### INPUT DATA
===============
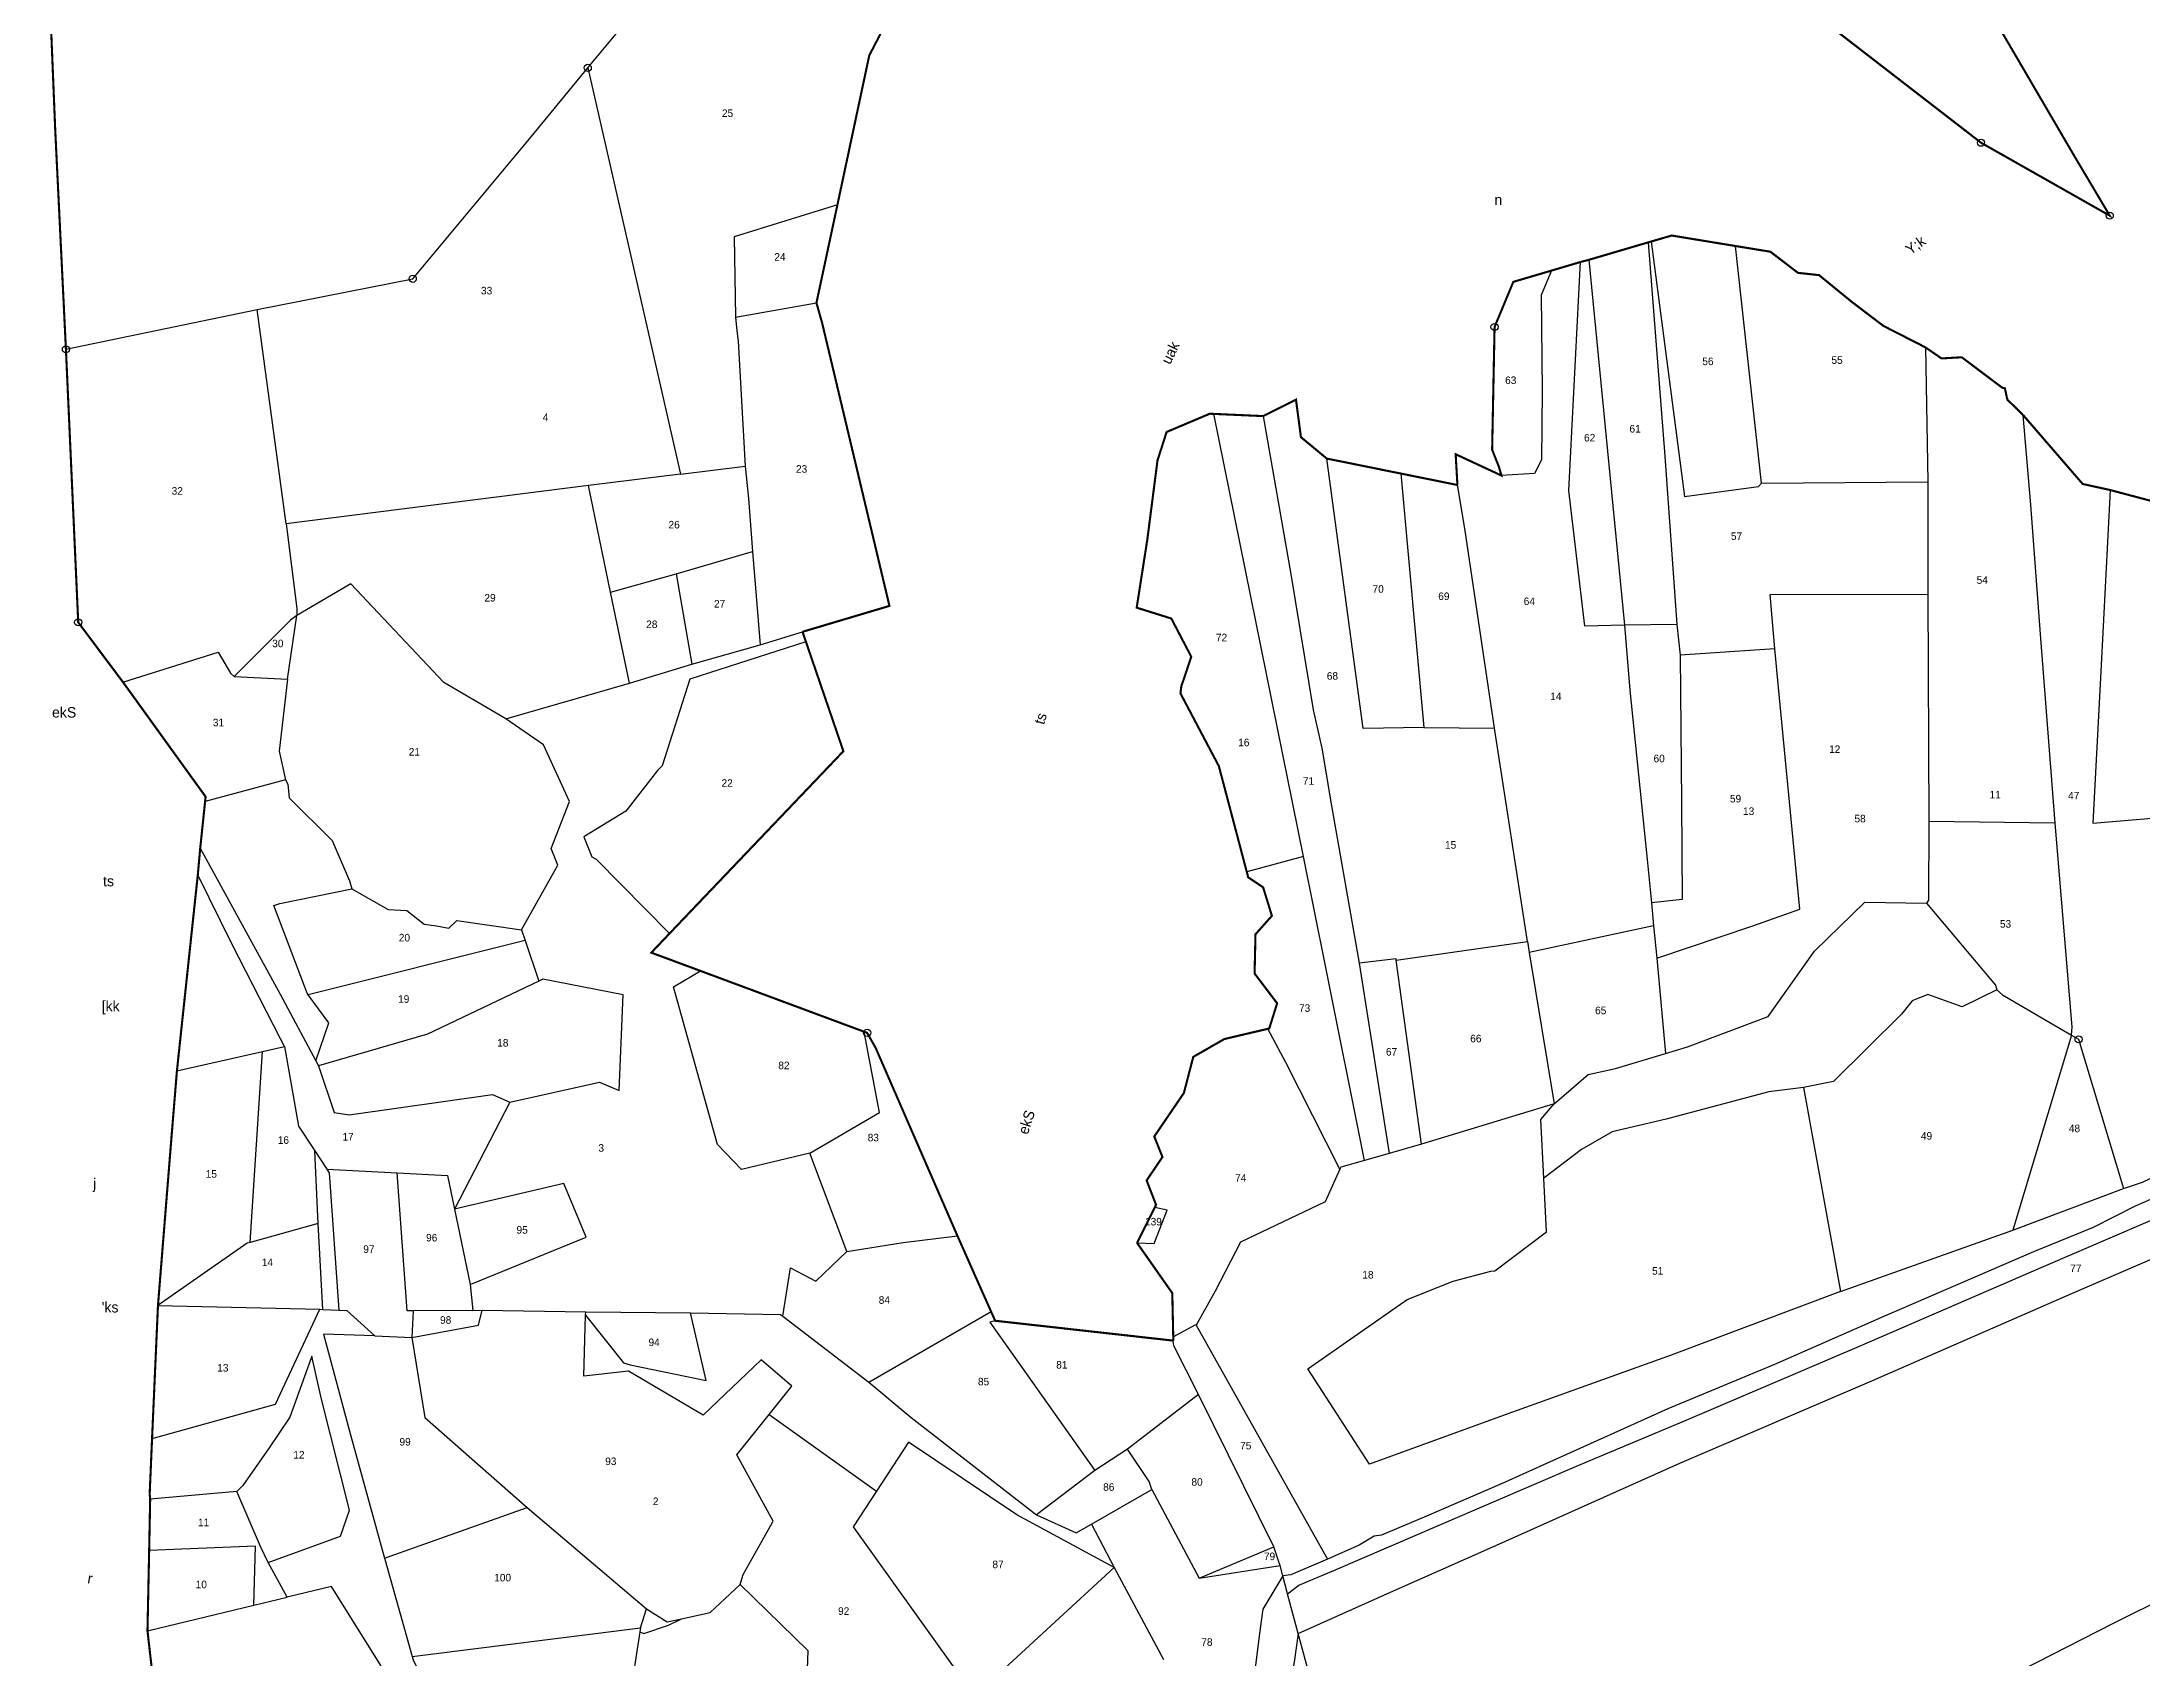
# Model space of a CAD drawing. Header units: metres. Extents: x 101 to 289482, y 35 to 2025005.
# Drawn here: x 122 to 623, y 291 to 676 of the extents above; entities that cross this region are included whole.
import ezdxf
from ezdxf.enums import TextEntityAlignment as Align

# ---------------------------------------------------------------- set-up
doc = ezdxf.new("R2010")
doc.units = ezdxf.units.M
doc.header["$MEASUREMENT"] = 0
for name, color, linetype in [('OFF', 1, 'Continuous'), ('POLY_PARCEL', 6, 'Continuous'), ('POLY_ROAD', 30, 'Continuous'), ('POLY_WATER', 4, 'Continuous'), ('SYM_STONE', 1, 'Continuous'), ('TEXT_MAPIN', 7, 'Continuous'), ('TEXT_MAPOUT', 7, 'Continuous'), ('TEXT_PARCEL', 7, 'Continuous'), ('V_BOUND_LINE', 7, 'Continuous')]:
    doc.layers.add(name, color=color, linetype=linetype)
doc.styles.add('TEXT_MAP', font='KRDEV050.TTF')

# ---------------------------------------------------------------- blocks, each defined once
blk = doc.blocks.new('STONE')
blk.add_circle((0, 0), 0.851)
blk = doc.blocks.new('G')
at = {"layer": 'OFF'}
blk.add_lwpolyline([(233.71, 423.07), (220.49, 397.57)], dxfattribs=at)
at = {"layer": 'POLY_PARCEL'}
for points in [[(252.24, 669.56), (280.85, 703.97), (308.9, 737.69), (354.6, 741.75)], [(173.49, 611.96), (210.55, 619.29), (238.75, 653.12), (252.24, 669.56)], [(252.24, 669.56), (263.75, 619.14), (274.32, 572.73)], [(311.72, 636.9), (287.09, 629.33), (287.45, 610.15)], [(504.87, 627.97), (508.88, 576.99), (511.74, 536.91)], [(505.57, 628.17), (513.54, 567.44), (531.17, 569.82), (531.86, 570.59)], [(531.86, 570.59), (525.69, 627.1)], [(481.82, 621.24), (479.39, 615.36), (479.63, 592.58), (479.47, 576.11), (477.81, 572.89), (469.92, 572.4)], [(499.27, 536.73), (489.8, 536.47), (485.98, 568.82), (488.78, 623.3)], [(490.75, 623.81), (496.16, 568.41), (499.27, 536.73)], [(127.93, 602.48), (173.49, 611.96)], [(180.36, 560.89), (173.49, 611.96)], [(287.45, 610.15), (306.73, 613.56)], [(287.45, 610.15), (287.73, 606.85), (288.09, 604.42), (289.71, 574.65)], [(570.91, 602.96), (571.48, 570.93)], [(422.75, 481.61), (401.4, 587.09)], [(413.14, 586.57), (419.73, 548.93), (425.1, 516.6), (427.12, 507.45), (429.41, 493.68), (436.05, 456.17)], [(601.86, 489.53), (598.35, 534.62), (596.02, 565.4), (594.21, 586.8)], [(451.39, 512.33), (436.96, 512.09), (428.3, 576.45)], [(274.32, 572.73), (252.43, 569.99)], [(274.32, 572.73), (289.71, 574.65)], [(289.71, 574.65), (290.52, 566.91), (291.53, 554.31)], [(445.93, 572.88), (451.39, 512.33)], [(531.86, 570.59), (571.48, 570.93)], [(571.48, 570.93), (571.47, 544.11)], [(252.43, 569.99), (180.36, 560.89)], [(257.69, 544.6), (252.43, 569.99)], [(468.27, 512.21), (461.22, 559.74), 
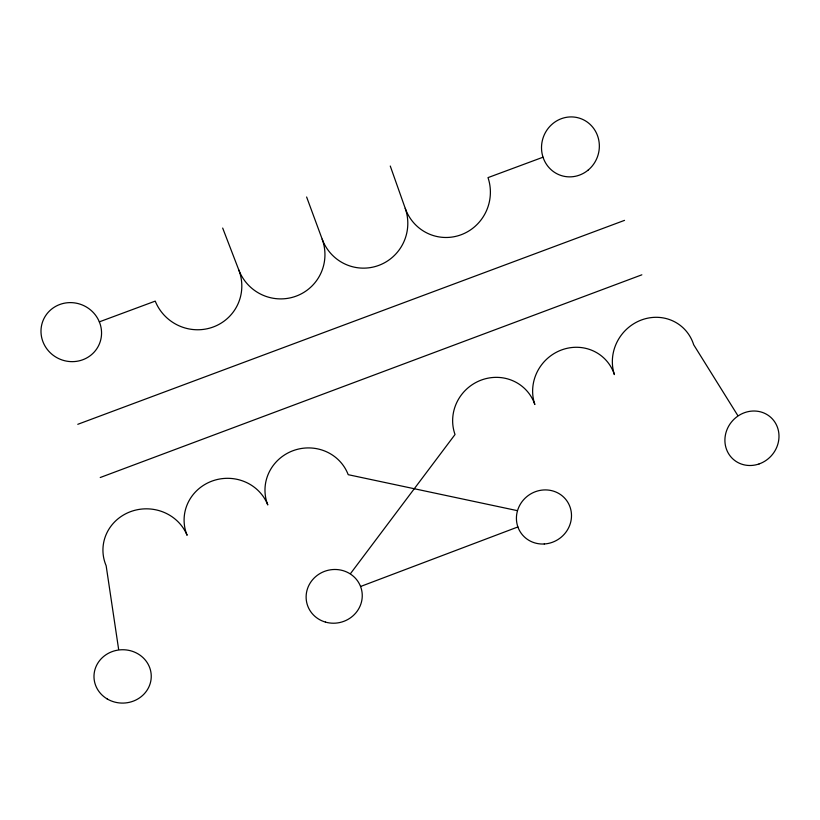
<?xml version="1.0" encoding="UTF-8"?>
<svg xmlns="http://www.w3.org/2000/svg" width="820" height="820" viewBox="0 0 820 820"><rect width="100%" height="100%" fill="white"/><g stroke="black" fill="none" stroke-linecap="round" stroke-linejoin="round"><path stroke-width="1.23" d="M350.55 573.539L455.028 434.518A42.794 41.297 -39.2 0 1 481.114 380.131A42.794 41.297 -39.2 0 1 534.845 404.506A42.876 41.02 -46.6 0 1 561.351 350.027A42.876 41.02 -46.6 0 1 614.395 374.586A42.999 40.713 -51.4 0 1 641.322 320.026A42.999 40.713 -51.4 0 1 693.689 344.769L737.621 415.268M360.564 586.495L517.891 526.952M100.235 477.517L641.855 274.813M77.777 424.309L624.522 220.365M99.333 321.86L100.081 323.859A30.494 29.315 24.8 0 1 66.379 361.107A30.494 29.315 24.8 0 1 46.945 313.834A30.494 29.315 24.8 0 1 98.451 319.913L99.333 321.86L155.236 301.114A45.1 44.249 29.7 0 0 213.282 326.975A45.1 44.249 29.7 0 0 238.845 270.087L222.681 228.062M543.024 157.204L488.002 177.622A44.864 43.808 -75.5 0 1 461.076 234.776A44.864 43.808 -75.5 0 1 405.234 208.341L390.269 166.029M517.051 510.583L348.213 474.688A42.999 41.584 -12.3 0 0 292.873 450.754A42.999 41.584 -12.3 0 0 267.791 504.935A43.255 41.533 -3.6 0 0 211.755 481.186A43.255 41.533 -3.6 0 0 187.103 535.286A43.583 41.42 2 0 0 130.37 511.721A43.583 41.42 2 0 0 106.149 565.728L118.603 649.173M306.618 196.995L322.178 239.163A44.721 44.393 47.5 0 1 296.163 296.133A44.721 44.393 47.5 0 1 238.856 270.087M405.234 208.341A44.69 44.198 -84.5 0 1 378.758 265.403A44.69 44.198 -84.5 0 1 322.178 239.163M759.074 463.946A28.136 26.127 -47.9 0 0 770.984 417.544A28.136 26.127 -47.9 0 0 725.792 433.278A28.136 26.127 -47.9 0 0 759.074 463.946M325.448 622.093A28.167 26.773 -15.3 0 0 361.661 590.154A28.167 26.773 -15.3 0 0 315.454 576.808A28.167 26.773 -15.3 0 0 325.448 622.093M544.255 543.978A28.013 26.578 -35.2 0 0 567.665 502.055A28.013 26.578 -35.2 0 0 519.962 504.864A28.013 26.578 -35.2 0 0 544.255 543.978M107.102 698.886A28.639 26.681 -1.3 0 0 151.218 677.648A28.639 26.681 -1.3 0 0 109.531 652.72A28.639 26.681 -1.3 0 0 107.102 698.886M587.95 170.263A30.104 28.792 -72 0 0 581.616 118.951A30.104 28.792 -72 0 0 541.743 151.454A30.104 28.792 -72 0 0 587.95 170.263"/></g></svg>
===============
### TASK DESCRIPTION
Recreate the listing above word for word, dropping each picture it contains.

### RESULT
# Model space of a CAD drawing. Header units: metres. Extents: x 101 to 289482, y 35 to 2025005.
# Drawn here: x 122 to 623, y 291 to 676 of the extents above; entities that cross this region are included whole.
import ezdxf
from ezdxf.enums import TextEntityAlignment as Align

# ---------------------------------------------------------------- set-up
doc = ezdxf.new("R2010")
doc.units = ezdxf.units.M
doc.header["$MEASUREMENT"] = 0
for name, color, linetype in [('OFF', 1, 'Continuous'), ('POLY_PARCEL', 6, 'Continuous'), ('POLY_ROAD', 30, 'Continuous'), ('POLY_WATER', 4, 'Continuous'), ('SYM_STONE', 1, 'Continuous'), ('TEXT_MAPIN', 7, 'Continuous'), ('TEXT_MAPOUT', 7, 'Continuous'), ('TEXT_PARCEL', 7, 'Continuous'), ('V_BOUND_LINE', 7, 'Continuous')]:
    doc.layers.add(name, color=color, linetype=linetype)
doc.styles.add('TEXT_MAP', font='KRDEV050.TTF')

# ---------------------------------------------------------------- blocks, each defined once
blk = doc.blocks.new('STONE')
blk.add_circle((0, 0), 0.851)
blk = doc.blocks.new('G')
at = {"layer": 'OFF'}
blk.add_lwpolyline([(233.71, 423.07), (220.49, 397.57)], dxfattribs=at)
at = {"layer": 'POLY_PARCEL'}
for points in [[(252.24, 669.56), (280.85, 703.97), (308.9, 737.69), (354.6, 741.75)], [(173.49, 611.96), (210.55, 619.29), (238.75, 653.12), (252.24, 669.56)], [(252.24, 669.56), (263.75, 619.14), (274.32, 572.73)], [(311.72, 636.9), (287.09, 629.33), (287.45, 610.15)], [(504.87, 627.97), (508.88, 576.99), (511.74, 536.91)], [(505.57, 628.17), (513.54, 567.44), (531.17, 569.82), (531.86, 570.59)], [(531.86, 570.59), (525.69, 627.1)], [(481.82, 621.24), (479.39, 615.36), (479.63, 592.58), (479.47, 576.11), (477.81, 572.89), (469.92, 572.4)], [(499.27, 536.73), (489.8, 536.47), (485.98, 568.82), (488.78, 623.3)], [(490.75, 623.81), (496.16, 568.41), (499.27, 536.73)], [(127.93, 602.48), (173.49, 611.96)], [(180.36, 560.89), (173.49, 611.96)], [(287.45, 610.15), (306.73, 613.56)], [(287.45, 610.15), (287.73, 606.85), (288.09, 604.42), (289.71, 574.65)], [(570.91, 602.96), (571.48, 570.93)], [(422.75, 481.61), (401.4, 587.09)], [(413.14, 586.57), (419.73, 548.93), (425.1, 516.6), (427.12, 507.45), (429.41, 493.68), (436.05, 456.17)], [(601.86, 489.53), (598.35, 534.62), (596.02, 565.4), (594.21, 586.8)], [(451.39, 512.33), (436.96, 512.09), (428.3, 576.45)], [(274.32, 572.73), (252.43, 569.99)], [(274.32, 572.73), (289.71, 574.65)], [(289.71, 574.65), (290.52, 566.91), (291.53, 554.31)], [(445.93, 572.88), (451.39, 512.33)], [(531.86, 570.59), (571.48, 570.93)], [(571.48, 570.93), (571.47, 544.11)], [(252.43, 569.99), (180.36, 560.89)], [(257.69, 544.6), (252.43, 569.99)], [(468.27, 512.21), (461.22, 559.74), 
<?xml version="1.0" encoding="UTF-8"?>
<svg xmlns="http://www.w3.org/2000/svg" width="820" height="820" viewBox="0 0 820 820"><rect width="100%" height="100%" fill="white"/><g stroke="black" fill="none" stroke-linecap="round" stroke-linejoin="round"><path stroke-width="1.23" d="M350.55 573.539L455.028 434.518A42.794 41.297 -39.2 0 1 481.114 380.131A42.794 41.297 -39.2 0 1 534.845 404.506A42.876 41.02 -46.6 0 1 561.351 350.027A42.876 41.02 -46.6 0 1 614.395 374.586A42.999 40.713 -51.4 0 1 641.322 320.026A42.999 40.713 -51.4 0 1 693.689 344.769L737.621 415.268M360.564 586.495L517.891 526.952M100.235 477.517L641.855 274.813M77.777 424.309L624.522 220.365M99.333 321.86L100.081 323.859A30.494 29.315 24.8 0 1 66.379 361.107A30.494 29.315 24.8 0 1 46.945 313.834A30.494 29.315 24.8 0 1 98.451 319.913L99.333 321.86L155.236 301.114A45.1 44.249 29.7 0 0 213.282 326.975A45.1 44.249 29.7 0 0 238.845 270.087L222.681 228.062M543.024 157.204L488.002 177.622A44.864 43.808 -75.5 0 1 461.076 234.776A44.864 43.808 -75.5 0 1 405.234 208.341L390.269 166.029M517.051 510.583L348.213 474.688A42.999 41.584 -12.3 0 0 292.873 450.754A42.999 41.584 -12.3 0 0 267.791 504.935A43.255 41.533 -3.6 0 0 211.755 481.186A43.255 41.533 -3.6 0 0 187.103 535.286A43.583 41.42 2 0 0 130.37 511.721A43.583 41.42 2 0 0 106.149 565.728L118.603 649.173M306.618 196.995L322.178 239.163A44.721 44.393 47.5 0 1 296.163 296.133A44.721 44.393 47.5 0 1 238.856 270.087M405.234 208.341A44.69 44.198 -84.5 0 1 378.758 265.403A44.69 44.198 -84.5 0 1 322.178 239.163M759.074 463.946A28.136 26.127 -47.9 0 0 770.984 417.544A28.136 26.127 -47.9 0 0 725.792 433.278A28.136 26.127 -47.9 0 0 759.074 463.946M325.448 622.093A28.167 26.773 -15.3 0 0 361.661 590.154A28.167 26.773 -15.3 0 0 315.454 576.808A28.167 26.773 -15.3 0 0 325.448 622.093M544.255 543.978A28.013 26.578 -35.2 0 0 567.665 502.055A28.013 26.578 -35.2 0 0 519.962 504.864A28.013 26.578 -35.2 0 0 544.255 543.978M107.102 698.886A28.639 26.681 -1.3 0 0 151.218 677.648A28.639 26.681 -1.3 0 0 109.531 652.72A28.639 26.681 -1.3 0 0 107.102 698.886M587.95 170.263A30.104 28.792 -72 0 0 581.616 118.951A30.104 28.792 -72 0 0 541.743 151.454A30.104 28.792 -72 0 0 587.95 170.263"/></g></svg>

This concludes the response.